-- Opening Marker --

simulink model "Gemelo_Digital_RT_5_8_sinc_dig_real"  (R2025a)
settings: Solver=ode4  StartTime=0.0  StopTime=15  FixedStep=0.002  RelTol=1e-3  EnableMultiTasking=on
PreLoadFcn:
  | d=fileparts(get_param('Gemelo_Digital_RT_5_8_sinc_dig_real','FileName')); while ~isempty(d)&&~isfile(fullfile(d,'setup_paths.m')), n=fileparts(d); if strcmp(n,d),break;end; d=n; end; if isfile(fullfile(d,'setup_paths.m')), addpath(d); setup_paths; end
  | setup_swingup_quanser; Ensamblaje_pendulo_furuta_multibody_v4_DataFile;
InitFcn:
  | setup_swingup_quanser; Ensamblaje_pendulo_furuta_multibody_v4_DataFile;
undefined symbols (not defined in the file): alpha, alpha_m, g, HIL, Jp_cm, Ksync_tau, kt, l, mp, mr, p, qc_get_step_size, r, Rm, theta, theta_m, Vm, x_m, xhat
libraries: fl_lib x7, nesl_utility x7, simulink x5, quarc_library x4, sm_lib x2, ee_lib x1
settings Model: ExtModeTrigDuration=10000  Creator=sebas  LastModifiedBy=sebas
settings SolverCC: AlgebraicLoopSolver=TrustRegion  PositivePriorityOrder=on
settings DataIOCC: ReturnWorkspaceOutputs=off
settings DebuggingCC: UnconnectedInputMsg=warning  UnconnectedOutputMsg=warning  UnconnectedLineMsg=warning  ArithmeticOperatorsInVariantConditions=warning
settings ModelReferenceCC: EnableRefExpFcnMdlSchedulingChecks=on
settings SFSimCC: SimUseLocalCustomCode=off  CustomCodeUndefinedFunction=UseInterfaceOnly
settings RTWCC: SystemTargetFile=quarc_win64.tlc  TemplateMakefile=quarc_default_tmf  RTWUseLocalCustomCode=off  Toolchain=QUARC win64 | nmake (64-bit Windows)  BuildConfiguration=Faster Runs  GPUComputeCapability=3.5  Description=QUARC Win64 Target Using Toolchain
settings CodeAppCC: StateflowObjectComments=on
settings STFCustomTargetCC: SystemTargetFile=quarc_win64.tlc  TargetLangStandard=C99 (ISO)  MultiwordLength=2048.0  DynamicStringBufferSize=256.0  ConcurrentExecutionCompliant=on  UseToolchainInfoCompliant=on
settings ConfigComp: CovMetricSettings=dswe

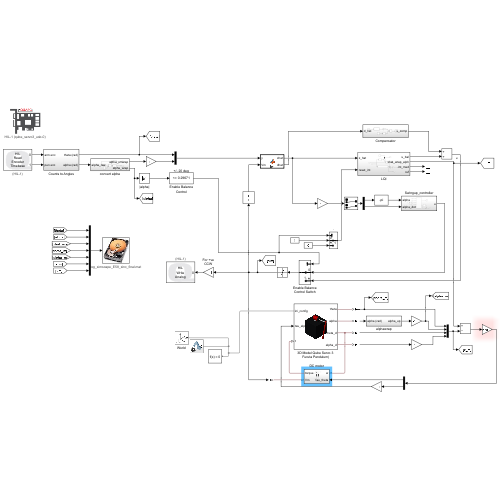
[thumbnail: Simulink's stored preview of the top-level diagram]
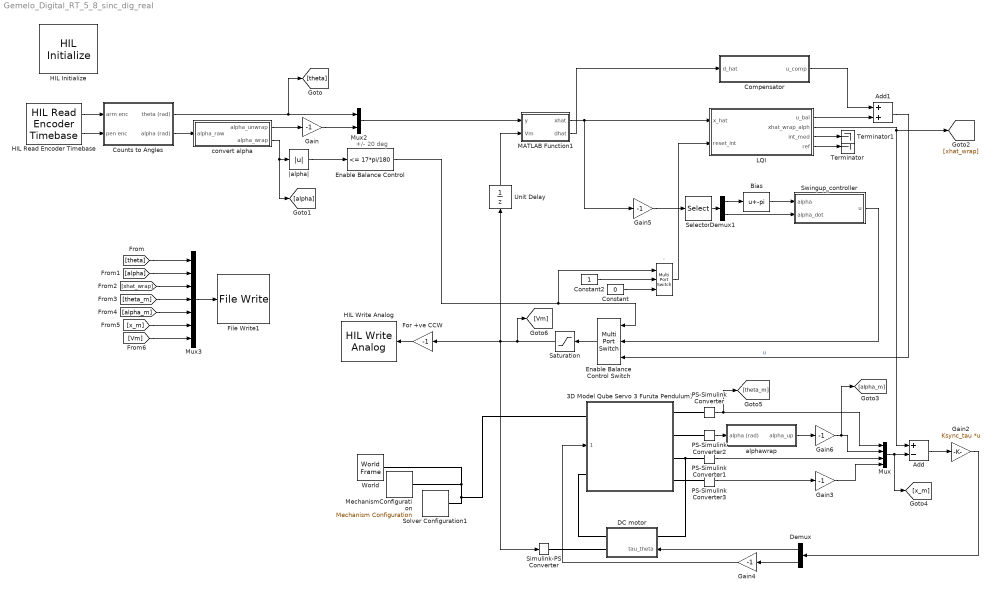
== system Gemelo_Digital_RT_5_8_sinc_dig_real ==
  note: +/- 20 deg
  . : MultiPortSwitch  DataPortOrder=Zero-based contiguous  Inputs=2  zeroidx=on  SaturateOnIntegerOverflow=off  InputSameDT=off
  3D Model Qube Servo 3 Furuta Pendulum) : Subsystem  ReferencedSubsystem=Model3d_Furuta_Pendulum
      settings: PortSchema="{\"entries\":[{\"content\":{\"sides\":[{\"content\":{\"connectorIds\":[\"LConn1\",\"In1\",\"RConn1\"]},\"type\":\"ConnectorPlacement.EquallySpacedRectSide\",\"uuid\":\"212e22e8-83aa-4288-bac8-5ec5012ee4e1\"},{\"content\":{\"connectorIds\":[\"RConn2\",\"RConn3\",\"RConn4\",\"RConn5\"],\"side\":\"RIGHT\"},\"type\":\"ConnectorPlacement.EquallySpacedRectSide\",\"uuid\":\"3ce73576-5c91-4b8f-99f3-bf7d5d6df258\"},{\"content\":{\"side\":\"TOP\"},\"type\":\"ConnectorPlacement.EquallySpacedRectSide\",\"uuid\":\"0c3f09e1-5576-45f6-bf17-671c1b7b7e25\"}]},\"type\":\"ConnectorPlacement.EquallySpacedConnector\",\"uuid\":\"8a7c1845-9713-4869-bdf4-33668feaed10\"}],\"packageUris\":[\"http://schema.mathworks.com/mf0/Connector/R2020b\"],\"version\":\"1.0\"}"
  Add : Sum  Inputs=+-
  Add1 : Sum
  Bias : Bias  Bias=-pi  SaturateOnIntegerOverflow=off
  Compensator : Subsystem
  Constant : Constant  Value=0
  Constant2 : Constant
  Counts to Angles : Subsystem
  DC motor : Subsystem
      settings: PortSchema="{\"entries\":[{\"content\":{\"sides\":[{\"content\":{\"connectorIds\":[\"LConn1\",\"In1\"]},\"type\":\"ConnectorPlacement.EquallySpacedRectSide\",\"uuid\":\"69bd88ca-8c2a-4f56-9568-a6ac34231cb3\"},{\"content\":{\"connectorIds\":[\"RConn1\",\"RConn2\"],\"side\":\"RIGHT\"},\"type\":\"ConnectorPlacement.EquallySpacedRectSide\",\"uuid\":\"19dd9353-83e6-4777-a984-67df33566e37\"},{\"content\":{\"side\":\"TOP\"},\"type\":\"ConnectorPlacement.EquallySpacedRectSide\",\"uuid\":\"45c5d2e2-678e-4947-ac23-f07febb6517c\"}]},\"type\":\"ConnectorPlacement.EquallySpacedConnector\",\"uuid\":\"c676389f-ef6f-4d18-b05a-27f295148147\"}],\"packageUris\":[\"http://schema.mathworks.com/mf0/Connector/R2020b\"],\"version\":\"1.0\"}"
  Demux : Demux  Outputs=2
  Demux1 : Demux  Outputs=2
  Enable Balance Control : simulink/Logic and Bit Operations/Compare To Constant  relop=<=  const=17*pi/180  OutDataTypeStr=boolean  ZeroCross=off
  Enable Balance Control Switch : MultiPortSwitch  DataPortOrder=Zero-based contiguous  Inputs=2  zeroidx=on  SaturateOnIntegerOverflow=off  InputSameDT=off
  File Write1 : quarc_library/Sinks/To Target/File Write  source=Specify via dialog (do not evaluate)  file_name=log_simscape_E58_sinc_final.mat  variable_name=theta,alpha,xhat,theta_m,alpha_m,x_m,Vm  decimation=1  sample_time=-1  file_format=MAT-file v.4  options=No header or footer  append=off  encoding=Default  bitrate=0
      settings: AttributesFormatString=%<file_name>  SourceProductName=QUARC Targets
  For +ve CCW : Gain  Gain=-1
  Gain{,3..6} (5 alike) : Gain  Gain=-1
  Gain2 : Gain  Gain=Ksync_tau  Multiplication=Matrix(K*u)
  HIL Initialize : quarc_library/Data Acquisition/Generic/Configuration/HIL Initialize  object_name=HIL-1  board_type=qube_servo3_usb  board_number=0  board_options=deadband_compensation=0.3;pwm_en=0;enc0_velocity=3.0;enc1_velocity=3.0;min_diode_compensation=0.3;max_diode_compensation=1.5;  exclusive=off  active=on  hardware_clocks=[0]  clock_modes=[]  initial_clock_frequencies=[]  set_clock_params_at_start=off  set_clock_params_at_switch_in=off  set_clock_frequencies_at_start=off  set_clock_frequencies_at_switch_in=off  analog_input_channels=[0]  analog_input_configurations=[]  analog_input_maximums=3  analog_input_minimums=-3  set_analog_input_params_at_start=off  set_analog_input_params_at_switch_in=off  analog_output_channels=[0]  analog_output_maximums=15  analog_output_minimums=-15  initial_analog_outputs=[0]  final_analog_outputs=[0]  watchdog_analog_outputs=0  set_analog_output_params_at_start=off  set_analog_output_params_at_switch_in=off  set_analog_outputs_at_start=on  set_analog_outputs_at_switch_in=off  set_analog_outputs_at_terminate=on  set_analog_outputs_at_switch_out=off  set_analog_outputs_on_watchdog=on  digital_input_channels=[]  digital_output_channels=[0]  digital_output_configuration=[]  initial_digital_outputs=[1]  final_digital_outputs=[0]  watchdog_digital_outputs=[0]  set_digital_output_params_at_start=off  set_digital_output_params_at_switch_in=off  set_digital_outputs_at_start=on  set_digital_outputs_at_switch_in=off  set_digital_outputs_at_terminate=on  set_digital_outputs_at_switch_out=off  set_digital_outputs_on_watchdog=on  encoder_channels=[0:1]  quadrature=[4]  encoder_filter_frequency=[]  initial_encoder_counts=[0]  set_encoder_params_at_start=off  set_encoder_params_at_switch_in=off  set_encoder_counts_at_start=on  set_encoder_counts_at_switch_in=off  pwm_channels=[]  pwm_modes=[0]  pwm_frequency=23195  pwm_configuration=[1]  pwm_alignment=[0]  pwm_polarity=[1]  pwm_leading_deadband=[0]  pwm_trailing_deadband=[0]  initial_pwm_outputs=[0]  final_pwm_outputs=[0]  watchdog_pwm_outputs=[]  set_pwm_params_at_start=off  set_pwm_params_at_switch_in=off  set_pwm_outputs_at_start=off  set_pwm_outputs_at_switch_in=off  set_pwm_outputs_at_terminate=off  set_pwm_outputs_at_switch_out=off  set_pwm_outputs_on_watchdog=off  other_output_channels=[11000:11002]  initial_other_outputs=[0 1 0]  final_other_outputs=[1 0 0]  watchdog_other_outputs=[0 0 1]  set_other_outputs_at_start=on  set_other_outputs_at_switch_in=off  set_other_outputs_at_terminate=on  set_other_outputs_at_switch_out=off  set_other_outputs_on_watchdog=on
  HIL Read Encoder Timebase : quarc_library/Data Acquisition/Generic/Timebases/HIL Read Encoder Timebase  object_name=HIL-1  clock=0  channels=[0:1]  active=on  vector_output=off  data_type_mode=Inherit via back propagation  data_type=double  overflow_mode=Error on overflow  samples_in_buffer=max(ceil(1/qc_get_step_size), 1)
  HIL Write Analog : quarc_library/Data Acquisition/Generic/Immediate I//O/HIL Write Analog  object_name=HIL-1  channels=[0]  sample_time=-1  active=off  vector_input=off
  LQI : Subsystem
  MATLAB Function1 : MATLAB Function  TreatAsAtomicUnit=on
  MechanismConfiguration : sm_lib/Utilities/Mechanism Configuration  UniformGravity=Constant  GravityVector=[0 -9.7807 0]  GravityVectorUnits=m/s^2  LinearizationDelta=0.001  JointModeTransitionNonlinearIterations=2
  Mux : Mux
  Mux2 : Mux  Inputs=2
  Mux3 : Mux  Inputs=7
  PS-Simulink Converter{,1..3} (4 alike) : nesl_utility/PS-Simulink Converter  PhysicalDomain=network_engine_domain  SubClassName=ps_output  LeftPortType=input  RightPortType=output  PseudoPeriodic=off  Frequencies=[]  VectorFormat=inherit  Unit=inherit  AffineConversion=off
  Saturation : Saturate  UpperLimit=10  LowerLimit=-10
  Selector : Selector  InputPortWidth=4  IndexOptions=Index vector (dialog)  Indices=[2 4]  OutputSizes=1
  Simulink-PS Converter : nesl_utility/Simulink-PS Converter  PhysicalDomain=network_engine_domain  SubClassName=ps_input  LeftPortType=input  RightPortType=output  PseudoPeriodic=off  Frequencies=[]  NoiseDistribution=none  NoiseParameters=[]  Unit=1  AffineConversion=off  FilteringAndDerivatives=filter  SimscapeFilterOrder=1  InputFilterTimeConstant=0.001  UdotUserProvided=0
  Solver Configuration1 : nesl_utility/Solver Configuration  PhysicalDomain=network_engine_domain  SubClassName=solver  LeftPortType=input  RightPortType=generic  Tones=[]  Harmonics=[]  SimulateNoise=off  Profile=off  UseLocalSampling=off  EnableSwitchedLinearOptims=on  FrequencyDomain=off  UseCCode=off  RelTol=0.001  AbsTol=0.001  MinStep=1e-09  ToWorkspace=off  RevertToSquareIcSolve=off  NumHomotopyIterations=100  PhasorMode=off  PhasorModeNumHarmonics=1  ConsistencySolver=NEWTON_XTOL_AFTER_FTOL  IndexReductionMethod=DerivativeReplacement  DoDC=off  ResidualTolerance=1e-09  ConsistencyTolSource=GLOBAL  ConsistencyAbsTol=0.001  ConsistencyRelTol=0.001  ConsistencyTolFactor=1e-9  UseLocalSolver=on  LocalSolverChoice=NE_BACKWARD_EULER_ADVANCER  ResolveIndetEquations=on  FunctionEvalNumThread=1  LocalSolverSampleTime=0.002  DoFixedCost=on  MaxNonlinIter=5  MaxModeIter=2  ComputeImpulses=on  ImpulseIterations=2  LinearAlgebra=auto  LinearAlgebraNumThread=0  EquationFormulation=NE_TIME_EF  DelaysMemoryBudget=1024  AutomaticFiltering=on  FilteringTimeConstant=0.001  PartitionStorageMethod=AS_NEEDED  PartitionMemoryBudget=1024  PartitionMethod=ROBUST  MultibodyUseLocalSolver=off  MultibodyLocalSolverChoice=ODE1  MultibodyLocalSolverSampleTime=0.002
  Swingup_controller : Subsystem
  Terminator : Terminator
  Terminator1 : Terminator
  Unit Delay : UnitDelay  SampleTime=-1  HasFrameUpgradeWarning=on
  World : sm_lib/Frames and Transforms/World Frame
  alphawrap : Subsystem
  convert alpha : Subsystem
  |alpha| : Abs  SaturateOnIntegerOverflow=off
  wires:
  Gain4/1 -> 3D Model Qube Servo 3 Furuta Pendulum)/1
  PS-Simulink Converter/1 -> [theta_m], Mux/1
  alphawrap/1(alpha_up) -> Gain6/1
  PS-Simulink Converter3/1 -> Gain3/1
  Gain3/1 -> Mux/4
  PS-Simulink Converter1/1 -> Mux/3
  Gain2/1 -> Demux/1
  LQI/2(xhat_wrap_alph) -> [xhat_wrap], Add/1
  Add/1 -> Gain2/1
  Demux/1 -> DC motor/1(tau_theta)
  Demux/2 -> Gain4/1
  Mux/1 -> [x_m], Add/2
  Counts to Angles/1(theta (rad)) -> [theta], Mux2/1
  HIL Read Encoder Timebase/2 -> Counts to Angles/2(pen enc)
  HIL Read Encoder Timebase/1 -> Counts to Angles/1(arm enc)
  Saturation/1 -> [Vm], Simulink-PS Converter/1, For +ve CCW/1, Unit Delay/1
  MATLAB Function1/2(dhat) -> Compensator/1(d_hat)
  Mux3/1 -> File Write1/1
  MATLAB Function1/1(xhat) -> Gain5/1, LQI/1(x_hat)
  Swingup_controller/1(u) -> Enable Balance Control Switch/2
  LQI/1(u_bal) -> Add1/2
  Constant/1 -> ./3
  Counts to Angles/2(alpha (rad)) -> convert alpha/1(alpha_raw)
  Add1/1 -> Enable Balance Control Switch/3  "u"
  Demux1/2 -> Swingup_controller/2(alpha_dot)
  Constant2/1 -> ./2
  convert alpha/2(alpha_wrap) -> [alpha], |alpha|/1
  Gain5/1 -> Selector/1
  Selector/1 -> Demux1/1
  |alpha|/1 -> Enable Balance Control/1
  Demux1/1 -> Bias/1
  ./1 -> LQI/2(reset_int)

-- Closing Marker --

• WHAT IS NEEDED
Above are the entries; repeat their lines exactly, from the first through the one that contains "libraries: fl_lib x7, nesl_utility".

• RESULT
simulink model "Gemelo_Digital_RT_5_8_sinc_dig_real"  (R2025a)
settings: Solver=ode4  StartTime=0.0  StopTime=15  FixedStep=0.002  RelTol=1e-3  EnableMultiTasking=on
PreLoadFcn:
  | d=fileparts(get_param('Gemelo_Digital_RT_5_8_sinc_dig_real','FileName')); while ~isempty(d)&&~isfile(fullfile(d,'setup_paths.m')), n=fileparts(d); if strcmp(n,d),break;end; d=n; end; if isfile(fullfile(d,'setup_paths.m')), addpath(d); setup_paths; end
  | setup_swingup_quanser; Ensamblaje_pendulo_furuta_multibody_v4_DataFile;
InitFcn:
  | setup_swingup_quanser; Ensamblaje_pendulo_furuta_multibody_v4_DataFile;
undefined symbols (not defined in the file): alpha, alpha_m, g, HIL, Jp_cm, Ksync_tau, kt, l, mp, mr, p, qc_get_step_size, r, Rm, theta, theta_m, Vm, x_m, xhat
libraries: fl_lib x7, nesl_utility x7, simulink x5, quarc_library x4, sm_lib x2, ee_lib x1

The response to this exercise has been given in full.